--- START ---

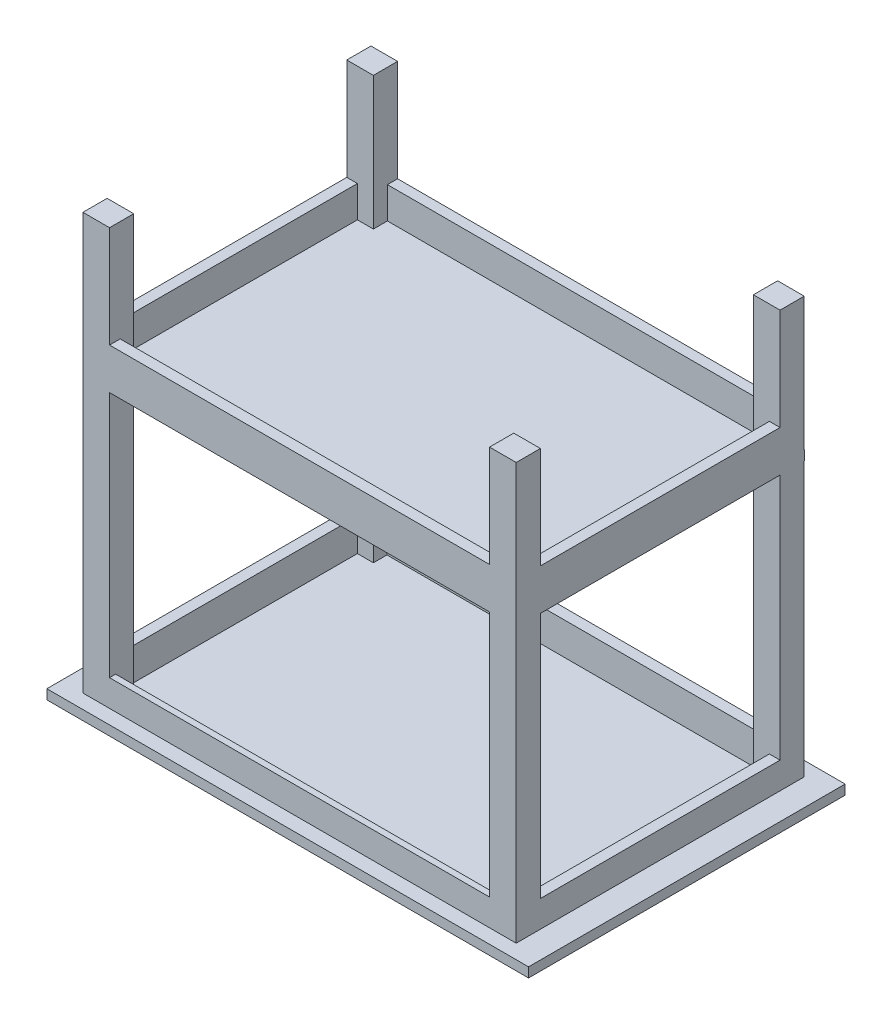
SolidWorks part; units mm, degrees
material "Haya"
ref_plane "Alzado" through (0, 0, 0) normal (0, 0, 1) x (1, 0, 0)
ref_plane "Planta" through (0, 0, 0) normal (0, 1, 0) x (1, 0, 0)
ref_plane "Vista lateral" through (0, 0, 0) normal (1, 0, 0) x (0, 0, -1)
sketch "Croquis2" plane through (0, 0, 0) normal (0, 1, 0) x (1, 0, 0)
  line L1 (-497.0522, 307.635) -> (497.9478, 307.635)
  line L2 (-497.0522, 307.635) -> (-497.0522, -346.365)
  line L3 (-497.0522, -346.365) -> (497.9478, -346.365)
  line L4 (497.9478, 307.635) -> (497.9478, -346.365)
  dimension "D1" = 995
  dimension "D2" = 654
extrude "Saliente-Extruir1" add sketch "Croquis2" along normal blind 20 contours L2 L1 L4 L3
sketch "Croquis4" plane through (0, 0, 0) normal (0, 1, 0) x (1, 0, 0)
  line L0 (497.9478, 307.635) -> (497.9478, -346.365) construction
  line L1 (-452.0522, 278.135) -> (442.9478, 278.135)
  line L2 (-452.0522, 278.135) -> (-452.0522, -316.865)
  line L3 (-452.0522, -316.865) -> (442.9478, -316.865)
  line L4 (442.9478, 278.135) -> (442.9478, -316.865)
  line L8 (-497.0522, 307.635) -> (-497.0522, -346.365) construction
  line L9 (-497.0522, -346.365) -> (497.9478, -346.365) construction
  line L10 (-497.0522, 307.635) -> (497.9478, 307.635) construction
  dimension "D1" = 895
  dimension "D2" = 595
  dimension "D3" = 55
  dimension "D4" = 45
  dimension "D5" = 29.5
  dimension "D6" = 29.5
extrude "Saliente-Extruir2" add sketch "Croquis4" along normal blind 75
sketch "Croquis6" plane through (0, 75, 0) normal (0, 1, 0) x (1, 0, 0)
  line L0 (442.9478, 278.135) -> (-452.0522, 278.135) construction
  line L1 (-430.0522, 256.135) -> (420.9478, 256.135)
  line L2 (-430.0522, 256.135) -> (-430.0522, -304.252)
  line L3 (-430.0522, -304.252) -> (420.9478, -304.252)
  line L4 (420.9478, 256.135) -> (420.9478, -304.252)
  line L5 (-452.0522, 278.135) -> (-452.0522, -316.865) construction
  line L6 (442.9478, -316.865) -> (442.9478, 278.135) construction
  dimension "D1" = 22
  dimension "D2" = 12.613
  dimension "D3" = 22
  dimension "D4" = 22
extrude "Cortar-Extruir1" cut sketch "Croquis6" against normal blind 67 contours L2 L1 L4 L3
sketch "Croquis7" plane through (0, 0, 0) normal (0, 1, 0) x (1, 0, 0)
  line L1 (-452.0522, -316.865) -> (-397.0522, -316.865)
  line L2 (-452.0522, -316.865) -> (-452.0522, -266.865)
  line L3 (-452.0522, -266.865) -> (-397.0522, -266.865)
  line L4 (-397.0522, -316.865) -> (-397.0522, -266.865)
  dimension "D1" = 55
  dimension "D2" = 50
extrude "Saliente-Extruir3" add sketch "Croquis7" along normal blind 880
sketch "Croquis9" plane through (0, 0, 0) normal (0, 1, 0) x (1, 0, 0)
  line L1 (-452.0522, 278.135) -> (-397.0522, 278.135)
  line L2 (-452.0522, 278.135) -> (-452.0522, 228.135)
  line L3 (-452.0522, 228.135) -> (-397.0522, 228.135)
  line L4 (-397.0522, 278.135) -> (-397.0522, 228.135)
  dimension "D1" = 55
  dimension "D2" = 50
extrude "Saliente-Extruir5" add sketch "Croquis9" along normal blind 880
sketch "Croquis10" plane through (0, 0, 0) normal (0, 1, 0) x (1, 0, 0)
  line L1 (442.9478, 278.135) -> (387.9478, 278.135)
  line L2 (442.9478, 278.135) -> (442.9478, 228.135)
  line L3 (442.9478, 228.135) -> (387.9478, 228.135)
  line L4 (387.9478, 278.135) -> (387.9478, 228.135)
  dimension "D1" = 50
  dimension "D2" = 55
extrude "Saliente-Extruir6" add sketch "Croquis10" along normal blind 880
sketch "Croquis11" plane through (0, 0, 0) normal (0, 1, 0) x (1, 0, 0)
  line L1 (442.9478, -316.865) -> (387.9478, -316.865)
  line L2 (442.9478, -316.865) -> (442.9478, -266.865)
  line L3 (442.9478, -266.865) -> (387.9478, -266.865)
  line L4 (387.9478, -316.865) -> (387.9478, -266.865)
  dimension "D1" = 55
  dimension "D2" = 50
extrude "Saliente-Extruir7" add sketch "Croquis11" along normal blind 880
sketch "Croquis14" plane through (0, 0, 316.865) normal (0, 0, 1) x (1, 0, 0)
  line L0 (-452.0522, 605) -> (442.9478, 605)
  line L1 (-452.0522, 880) -> (-452.0522, 20) construction
  line L2 (442.9478, 880) -> (442.9478, 20) construction
  line L3 (-452.0522, 20) -> (442.9478, 20) construction
  dimension "D1" = 585
sketch "Croquis17" plane through (-452.0522, 0, 0) normal (-1, 0, 0) x (0, 0, 1)
extrude "Extruir-Lámina4" add sketch "Croquis14" against normal blind 596 thin
sketch "Croquis22" plane through (0, 605, 0) normal (0, 1, 0) x (1, 0, 0)
  line L1 (-452.0522, 278.135) -> (442.9478, 278.135)
  line L2 (-452.0522, 278.135) -> (-452.0522, -316.865)
  line L3 (-452.0522, -316.865) -> (442.9478, -316.865)
  line L4 (442.9478, 278.135) -> (442.9478, -316.865)
extrude "Saliente-Extruir8" add sketch "Croquis22" along normal blind 65
sketch "Croquis25" plane through (0, 670, 0) normal (0, 1, 0) x (1, 0, 0)
  line L0 (442.9478, -266.865) -> (442.9478, 228.135) construction
  line L1 (-430.0522, 228.135) -> (420.9478, 228.135)
  line L2 (-430.0522, 228.135) -> (-430.0522, -266.865)
  line L3 (-430.0522, -266.865) -> (420.9478, -266.865)
  line L4 (420.9478, 228.135) -> (420.9478, -266.865)
  line L5 (-452.0522, 278.135) -> (-452.0522, -316.865) construction
  dimension "D1" = 22
  dimension "D2" = 22
extrude "Cortar-Extruir2" cut sketch "Croquis25" against normal blind 65
sketch "Croquis26" plane through (0, 670, 0) normal (0, 1, 0) x (1, 0, 0)
  line L0 (-452.0522, 279.135) -> (442.9478, 279.135) construction
  line L1 (-397.0522, -294.865) -> (387.9478, -294.865)
  line L2 (-397.0522, -294.865) -> (-397.0522, 257.135)
  line L3 (-397.0522, 257.135) -> (387.9478, 257.135)
  line L4 (387.9478, -294.865) -> (387.9478, 257.135)
  line L5 (-397.0522, -316.865) -> (387.9478, -316.865) construction
  dimension "D1" = 22
  dimension "D2" = 22
extrude "Cortar-Extruir3" cut sketch "Croquis26" against normal blind 65

--- END ---

Show all lines from the entries that hold "Cortar".

**RESPONSE BELOW**
extrude "Cortar-Extruir1" cut sketch "Croquis6" against normal blind 67 contours L2 L1 L4 L3
extrude "Cortar-Extruir2" cut sketch "Croquis25" against normal blind 65
extrude "Cortar-Extruir3" cut sketch "Croquis26" against normal blind 65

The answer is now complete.